I have a bottle of this and can't seem to aquire the taste.  One drop will flavor an entree.  I received the bottle as a gift, could it be rancid?  It has a super potent flavor.


----------



## BreezyCooking (May 24, 2007)

Where have you been keeping it?  I've had a bottle of it for well over a year & it still tastes great - but I keep it in the fridge.  Storage is everything with oils.

When you say "potent" - do you mean a strong truffle or mushroomy taste/aroma?  Rancid is pretty foul, easy to detect, & can also give you quite the upset stomach.


----------



## college_cook (May 24, 2007)

Personally, I can't stand the stuff.  Most people absolutely go nuts for truffles and truffle oil, because of the marvelous and "sexy" (so it has been called) flavor it imparts, and because it is so potent.  Chances are your oil is fine and you just dlnt like the stuff.  White truffle oil just isn't for me.  Reminds me of gasoline.  However, I have had the opportunity to try some Black Truffles, the real thing, and they are quite different from the white truffle oil.


----------



## Jeekinz (May 25, 2007)

college_cook said:
			
		

> Reminds me of gasoline.


 
(I have siphoned a few gas tanks in my day) It does leave that weird note in the back of your throat. I got the bottle in December, I leave it on the counter, away from direct sunlight with my other oils.
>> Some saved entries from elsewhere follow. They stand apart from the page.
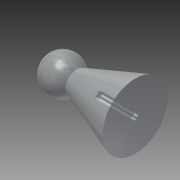
# Autodesk Inventor part: pion
Saved by Autodesk Inventor 2015 (Build 190159000, 159)
## iProperties
Created: 2015-02-16
Part Number: pion
Material: Verre
Document SubType Name: Modeling
Designer: informatique
Density: 2.18 g/cm^3
Appearance: Clair
Author: informatique
Autodesk Inventor part; units mm, degrees
ref_plane "YZ Plane" through (0, 0, 0) normal (1, 0, 0) x (0, 1, 0)
ref_plane "XZ Plane" through (0, 0, 0) normal (0, 1, 0) x (-1, 0, 0)
ref_plane "XY Plane" through (0, 0, 0) normal (0, 0, 1) x (1, 0, 0)
sketch "Esquisse1" plane through (0, 0, 0) normal (0, 1, 0) x (-1, 0, 0)
  line L0 (0, 0) -> (25, 0)
  line L1 (25, 0) -> (0, 0)
  line L2 (0, 0) -> (0, 9)
  line L3 (0, 9) -> (25, 0)
  arc A0 (25, 0) -> (15, 0) centre (20, 0) ccw
  dimension "d0" = 9
  dimension "d1" = 25
  dimension "d2" = 5
  constraints: 8 end point, 2 point on circle, 2 point on line, 1 centre point, 1 collinear, 1 horizontal, 1 vertical
  measures "d0" distance of L0.start L2.end
  measures "d1" distance of L0.start L0.end
  measures "d2" distance of L0.end A0.centre
revolve "Révolution1" add sketch "Esquisse1" angle 360 about axis through (-25, 0, 0) along (1, 0, 0)
sketch "Esquisse2" plane through (0, 0, 0) normal (1, 0, 0) x (0, 0, -1)
  line L0 (-0.3714, 0.9357) -> (0.3286, 0.9357)
  line L1 (0.3286, 0.9357) -> (0.3286, -0.9643)
  line L2 (0.3286, -0.9643) -> (-0.3714, -0.9643)
  line L3 (-0.3714, -0.9643) -> (-0.3714, 0.9357)
  line L4 (0.9286, 0.3357) -> (-0.9714, 0.3357)
  line L5 (-0.9714, 0.3357) -> (-0.9714, -0.3643)
  line L6 (-0.9714, -0.3643) -> (0.9286, -0.3643)
  line L7 (0.9286, -0.3643) -> (0.9286, 0.3357)
  point P0 (0, 0)
  dimension "d4" = 0.7
  dimension "d5" = 0.7
  dimension "d6" = 1.9
  dimension "d7" = 1.9
  dimension "d8" = 0.6
  dimension "d9" = 0.6
  constraints: 16 end point, 4 parallel, 2 horizontal, 2 perpendicular
  measures "d4" distance of L0.start L0.end
  measures "d5" distance of L6.end L4.start
  measures "d6" distance of L5.end L6.end
  measures "d7" distance of L2.end L0.start
  measures "d8" distance between parallel lines of L6 L2
  measures "d9" distance between parallel lines of L3 L5
extrude "Extrusion1" cut sketch "Esquisse2" against normal blind 10
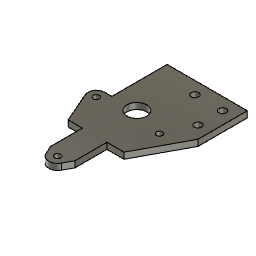
flasque roulement laser v3 (Autodesk Fusion 360 design; units mm, degrees)
Autodesk Fusion 360 part; units mm, degrees
sketch "Sketch1" plane through (0, 0, 0) normal (0, 0, 1) x (1, 0, 0)
  circle A0 centre (-25.7238, 28.3736) radius 2.5
  circle A1 centre (25.5, 28.3736) radius 2.5
  circle A2 centre (-0.0118, -28.6264) radius 2.5
  line L0 (45, 40) -> (45, 80)
  line L1 (45, 80) -> (25, 80)
  circle A3 centre (35, 50) radius 3
  circle A4 centre (12.5, 70) radius 3
  arc A5 (-6.6169, -31.6214) -> (6.3787, -32.0555) centre (-0.0118, -28.6264) ccw
  line L2 (-9.6692, 1.0232) -> (-9.6692, -24.8899)
  line L3 (10.2145, -24.9071) -> (10.2145, 1)
  line L4 (10.2145, 1) -> (24.0728, 1)
  line L5 (-9.6692, 1.0232) -> (-21.2251, 1.0232)
  line L6 (6.3787, -32.0555) -> (10.2145, -24.9071)
  line L7 (24.0728, 1) -> (45, 40)
  line L8 (-9.6692, -24.8899) -> (-6.6169, -31.6214)
  line L9 (-20, 35.1708) -> (-20, 80)
  line L10 (-20, 80) -> (25, 80)
  line L11 (-21.2251, 1.0232) -> (-31.7762, 25.2695)
  line L12 (-25.47, 35.1708) -> (-20, 35.1708)
  arc A6 (-25.47, 35.1708) -> (-31.7762, 25.2695) centre (-25.7238, 28.3736) ccw
  circle A7 centre (0, 35.5) radius 8
  circle A8 centre (35, 70) radius 3
  point P0 (0, 35.5)
  dimension "d43" = 16
  dimension "d46" = 6
  constraint vertical L0
  constraint horizontal L1
  constraint coincident A2.centre A5.centre
  constraint perpendicular L3 L4
  constraint perpendicular L2 L5
  constraint tangent A5 L6
  constraint parallel L6 L7
  constraint tangent A5 L8
  constraint perpendicular L9 L10
  constraint coincident A0.centre A6.centre
  constraint coincident P0 A7.centre
  measures "d43" diameter of A7
  measures "d46" diameter of A8
extrude "Extrude5" add sketch "Sketch1" along normal blind 5
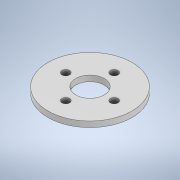
# Autodesk Inventor part: Inner_flange
Saved by Autodesk Inventor 2020.4 (Build 244396000, 396)
## iProperties
Part Number: Inner_flange
Material: アルミニウム 2014-T4
Document SubType Name: Modeling
Designer: Masato Kubotera
Density: 2.8 g/cm^3
Appearance: 滑らか - 淡い灰色
Mass: 2.85379 g
Surface Area: 13.2533 cm^2
Volume: 1.01921 cm^3
Description: A2017 T2
Author: Masato Kubotera
Autodesk Inventor part; units mm, degrees
ref_plane "YZ Plane" through (0, 0, 0) normal (1, 0, 0) x (0, 1, 0)
ref_plane "XZ Plane" through (0, 0, 0) normal (0, 1, 0) x (-1, 0, 0)
ref_plane "XY Plane" through (0, 0, 0) normal (0, 0, 1) x (1, 0, 0)
sketch "スケッチ1" plane through (0, 0, 0) normal (0, 0, 1) x (1, 0, 0)
  circle A0 centre (0, 0) radius 14.75
  line L0 (0, 14.75) -> (0, -14.75) construction
  circle A1 centre (0, 8.5) radius 1.35
  circle A2 centre (-8.5, 0) radius 1.35
  circle A3 centre (0, -8.5) radius 1.35
  circle A4 centre (8.5, 0) radius 1.35
  circle A5 centre (0, 0) radius 5 construction
  circle A6 centre (0, 0) radius 5.01
  dimension "d0" = 29.5
  dimension "d1" = 2.7
  dimension "d2" = 8.5
  dimension "d5" = 360
  dimension "d7" = 10
  dimension "d8" = 0.01
  constraints: 7 centre point, 3 coincident, 2 end point, 2 point on circle, 1 midpoint, 1 point on line, 1 vertical, 9 other
  measures "d0" diameter of A0
  measures "d1" diameter of A1
  measures "d2" distance of point (0, 0) A1.centre
  measures "d7" diameter of A5
  measures "d8" radial gap between concentric circles of A6 A5
extrude "押し出し1" add sketch "スケッチ1" along normal blind 2

I absolutely love mushrooms...all kinds.  The more, the better.  I don't think the oil tastes like mushrooms or anything else.  Just nasty.


----------



## wysiwyg (Nov 6, 2007)

Jeekinz,
Check the bottle label for contents.  
According to the French, white truffle oil contains ONLY truffles and olive or safflower oil.
Perhaps you don't like it, or perhaps is just not the real thing. I believe American Test Kitchen did some testing on white truffle oil but I am not sure where to look for it.


----------



## Loprraine (Nov 6, 2007)

A little does go a long way.  I keep mine in the fridge, I also think it has an expiration date on it.  I think it's either a love or hate thing with truffle oil.


----------



## jennyema (Nov 6, 2007)

Loprraine said:


> I think it's either a love or hate thing with truffle oil.


 

I absolutely agree.  I suspect you aren't thrilled with the taste of truffles.  They are strong and "earthy."

Rancid oils have a distinct rancid taste and it's pretty easy to tell that apart from the underlying flavor of an infused oil.


----------



## jpmcgrew (Nov 6, 2007)

Although I have used white truffle oil in cooking I also cant get into the taste just too earthy for me but everyone else loves it.There are real truffles oils and truffle flavored oils dont know if there is a difference in flavor.Its true a little goes a long way.


----------



## Bilby (Nov 7, 2007)

Matthew Evans, a chef who became one of Australia's foremost restaurant critics, wrote in his book, "Never Order Chicken on a Monday", to "Beware the truffle. Not just truffle oil, but truffle 'substitutes'." Couldn't find the bit on truffle oil but from memory he was scathing of most of the oils as they weren't made correctly, leaving a metallic taste. Maybe yours isn't the genuine article either.


----------